**ABOUT THIS EXERCISE:**
Which of the lines below holds the string "against"? Copy every line that does.

Stored records
----------

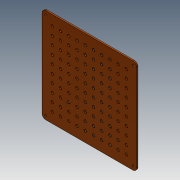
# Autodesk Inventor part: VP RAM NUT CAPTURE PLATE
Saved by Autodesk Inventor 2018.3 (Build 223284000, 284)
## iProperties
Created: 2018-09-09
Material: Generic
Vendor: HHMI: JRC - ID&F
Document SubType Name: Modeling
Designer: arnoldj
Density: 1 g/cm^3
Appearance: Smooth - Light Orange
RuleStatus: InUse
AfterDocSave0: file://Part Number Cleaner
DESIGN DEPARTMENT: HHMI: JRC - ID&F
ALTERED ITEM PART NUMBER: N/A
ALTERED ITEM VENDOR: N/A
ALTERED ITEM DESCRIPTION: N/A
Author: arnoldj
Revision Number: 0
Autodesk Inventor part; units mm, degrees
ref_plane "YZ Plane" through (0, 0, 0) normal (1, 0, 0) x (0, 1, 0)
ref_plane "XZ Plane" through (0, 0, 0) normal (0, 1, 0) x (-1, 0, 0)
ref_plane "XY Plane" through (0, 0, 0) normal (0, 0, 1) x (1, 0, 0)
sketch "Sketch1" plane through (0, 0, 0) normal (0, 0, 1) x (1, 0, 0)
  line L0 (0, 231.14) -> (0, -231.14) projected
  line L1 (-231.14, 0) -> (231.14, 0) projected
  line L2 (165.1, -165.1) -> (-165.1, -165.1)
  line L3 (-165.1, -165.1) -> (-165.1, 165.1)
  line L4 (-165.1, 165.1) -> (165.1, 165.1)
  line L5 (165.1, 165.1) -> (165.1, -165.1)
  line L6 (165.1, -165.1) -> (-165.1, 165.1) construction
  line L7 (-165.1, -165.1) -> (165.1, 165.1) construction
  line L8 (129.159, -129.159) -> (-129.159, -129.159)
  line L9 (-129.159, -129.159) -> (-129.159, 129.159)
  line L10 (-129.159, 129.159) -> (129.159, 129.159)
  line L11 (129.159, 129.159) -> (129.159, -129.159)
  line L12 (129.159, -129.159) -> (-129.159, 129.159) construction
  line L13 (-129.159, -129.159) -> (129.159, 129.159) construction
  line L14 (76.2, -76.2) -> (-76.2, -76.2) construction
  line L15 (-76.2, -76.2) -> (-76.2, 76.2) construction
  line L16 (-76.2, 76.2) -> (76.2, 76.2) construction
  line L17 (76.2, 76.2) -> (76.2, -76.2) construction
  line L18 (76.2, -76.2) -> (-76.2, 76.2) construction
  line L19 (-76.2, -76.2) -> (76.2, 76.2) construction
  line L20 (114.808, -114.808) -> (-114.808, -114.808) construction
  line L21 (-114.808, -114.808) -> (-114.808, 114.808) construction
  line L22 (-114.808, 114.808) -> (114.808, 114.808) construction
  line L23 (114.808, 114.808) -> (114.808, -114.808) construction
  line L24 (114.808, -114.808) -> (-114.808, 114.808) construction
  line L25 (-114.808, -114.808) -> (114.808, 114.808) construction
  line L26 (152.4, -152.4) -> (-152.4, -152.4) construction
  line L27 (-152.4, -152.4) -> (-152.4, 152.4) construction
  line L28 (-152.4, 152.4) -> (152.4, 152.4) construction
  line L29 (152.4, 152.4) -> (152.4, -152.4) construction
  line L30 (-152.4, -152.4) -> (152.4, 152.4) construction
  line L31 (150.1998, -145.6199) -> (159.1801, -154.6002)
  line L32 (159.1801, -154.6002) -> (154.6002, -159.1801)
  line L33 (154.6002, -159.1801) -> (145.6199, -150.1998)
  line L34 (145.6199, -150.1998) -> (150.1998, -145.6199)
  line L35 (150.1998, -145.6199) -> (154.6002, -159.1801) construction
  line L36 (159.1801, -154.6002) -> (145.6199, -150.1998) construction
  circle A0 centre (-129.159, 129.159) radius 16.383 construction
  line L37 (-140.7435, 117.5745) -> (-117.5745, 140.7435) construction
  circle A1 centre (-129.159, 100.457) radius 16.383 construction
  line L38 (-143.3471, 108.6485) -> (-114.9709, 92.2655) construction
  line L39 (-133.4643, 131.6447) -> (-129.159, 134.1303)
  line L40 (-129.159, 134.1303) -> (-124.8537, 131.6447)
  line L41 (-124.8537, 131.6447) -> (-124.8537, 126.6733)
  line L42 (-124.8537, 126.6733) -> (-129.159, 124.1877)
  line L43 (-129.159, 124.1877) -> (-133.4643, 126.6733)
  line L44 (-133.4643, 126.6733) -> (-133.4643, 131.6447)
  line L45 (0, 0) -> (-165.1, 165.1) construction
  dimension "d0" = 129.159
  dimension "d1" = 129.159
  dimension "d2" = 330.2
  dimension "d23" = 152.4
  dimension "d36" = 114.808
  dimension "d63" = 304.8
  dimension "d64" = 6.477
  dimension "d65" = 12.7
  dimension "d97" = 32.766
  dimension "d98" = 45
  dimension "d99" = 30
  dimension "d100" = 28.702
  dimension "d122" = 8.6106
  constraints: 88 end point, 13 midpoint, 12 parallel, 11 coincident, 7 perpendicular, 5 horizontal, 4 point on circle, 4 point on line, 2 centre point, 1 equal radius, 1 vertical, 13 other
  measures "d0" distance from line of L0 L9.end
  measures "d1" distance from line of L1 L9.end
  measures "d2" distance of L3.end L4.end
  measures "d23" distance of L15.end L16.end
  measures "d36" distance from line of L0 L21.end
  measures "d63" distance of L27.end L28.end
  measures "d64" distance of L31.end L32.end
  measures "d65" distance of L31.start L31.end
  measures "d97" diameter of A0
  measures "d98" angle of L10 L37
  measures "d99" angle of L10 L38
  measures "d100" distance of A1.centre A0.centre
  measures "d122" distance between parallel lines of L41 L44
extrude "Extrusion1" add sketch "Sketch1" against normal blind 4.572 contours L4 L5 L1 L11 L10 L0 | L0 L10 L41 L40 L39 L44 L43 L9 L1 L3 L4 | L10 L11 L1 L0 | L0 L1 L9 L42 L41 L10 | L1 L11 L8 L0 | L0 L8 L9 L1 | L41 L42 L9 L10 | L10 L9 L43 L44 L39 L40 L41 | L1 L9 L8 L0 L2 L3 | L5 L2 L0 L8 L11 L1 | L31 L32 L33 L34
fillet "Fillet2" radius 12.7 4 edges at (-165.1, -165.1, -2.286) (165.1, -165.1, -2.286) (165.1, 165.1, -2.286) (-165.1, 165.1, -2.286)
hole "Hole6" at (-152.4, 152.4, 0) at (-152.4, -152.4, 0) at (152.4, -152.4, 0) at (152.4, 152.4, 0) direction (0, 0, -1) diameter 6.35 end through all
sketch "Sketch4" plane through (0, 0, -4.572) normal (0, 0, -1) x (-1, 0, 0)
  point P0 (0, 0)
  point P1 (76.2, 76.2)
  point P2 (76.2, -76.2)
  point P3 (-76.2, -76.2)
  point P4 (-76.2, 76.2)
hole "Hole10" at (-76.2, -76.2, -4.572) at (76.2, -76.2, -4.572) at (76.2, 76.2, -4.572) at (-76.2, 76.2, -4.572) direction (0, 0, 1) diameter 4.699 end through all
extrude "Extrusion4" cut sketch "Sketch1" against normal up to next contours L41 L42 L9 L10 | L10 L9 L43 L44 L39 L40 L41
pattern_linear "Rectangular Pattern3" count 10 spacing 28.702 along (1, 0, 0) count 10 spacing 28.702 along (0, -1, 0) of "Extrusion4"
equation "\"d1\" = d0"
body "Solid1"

----------

**TASK OUTPUT:**
extrude "Extrusion1" add sketch "Sketch1" against normal blind 4.572 contours L4 L5 L1 L11 L10 L0 | L0 L10 L41 L40 L39 L44 L43 L9 L1 L3 L4 | L10 L11 L1 L0 | L0 L1 L9 L42 L41 L10 | L1 L11 L8 L0 | L0 L8 L9 L1 | L41 L42 L9 L10 | L10 L9 L43 L44 L39 L40 L41 | L1 L9 L8 L0 L2 L3 | L5 L2 L0 L8 L11 L1 | L31 L32 L33 L34
extrude "Extrusion4" cut sketch "Sketch1" against normal up to next contours L41 L42 L9 L10 | L10 L9 L43 L44 L39 L40 L41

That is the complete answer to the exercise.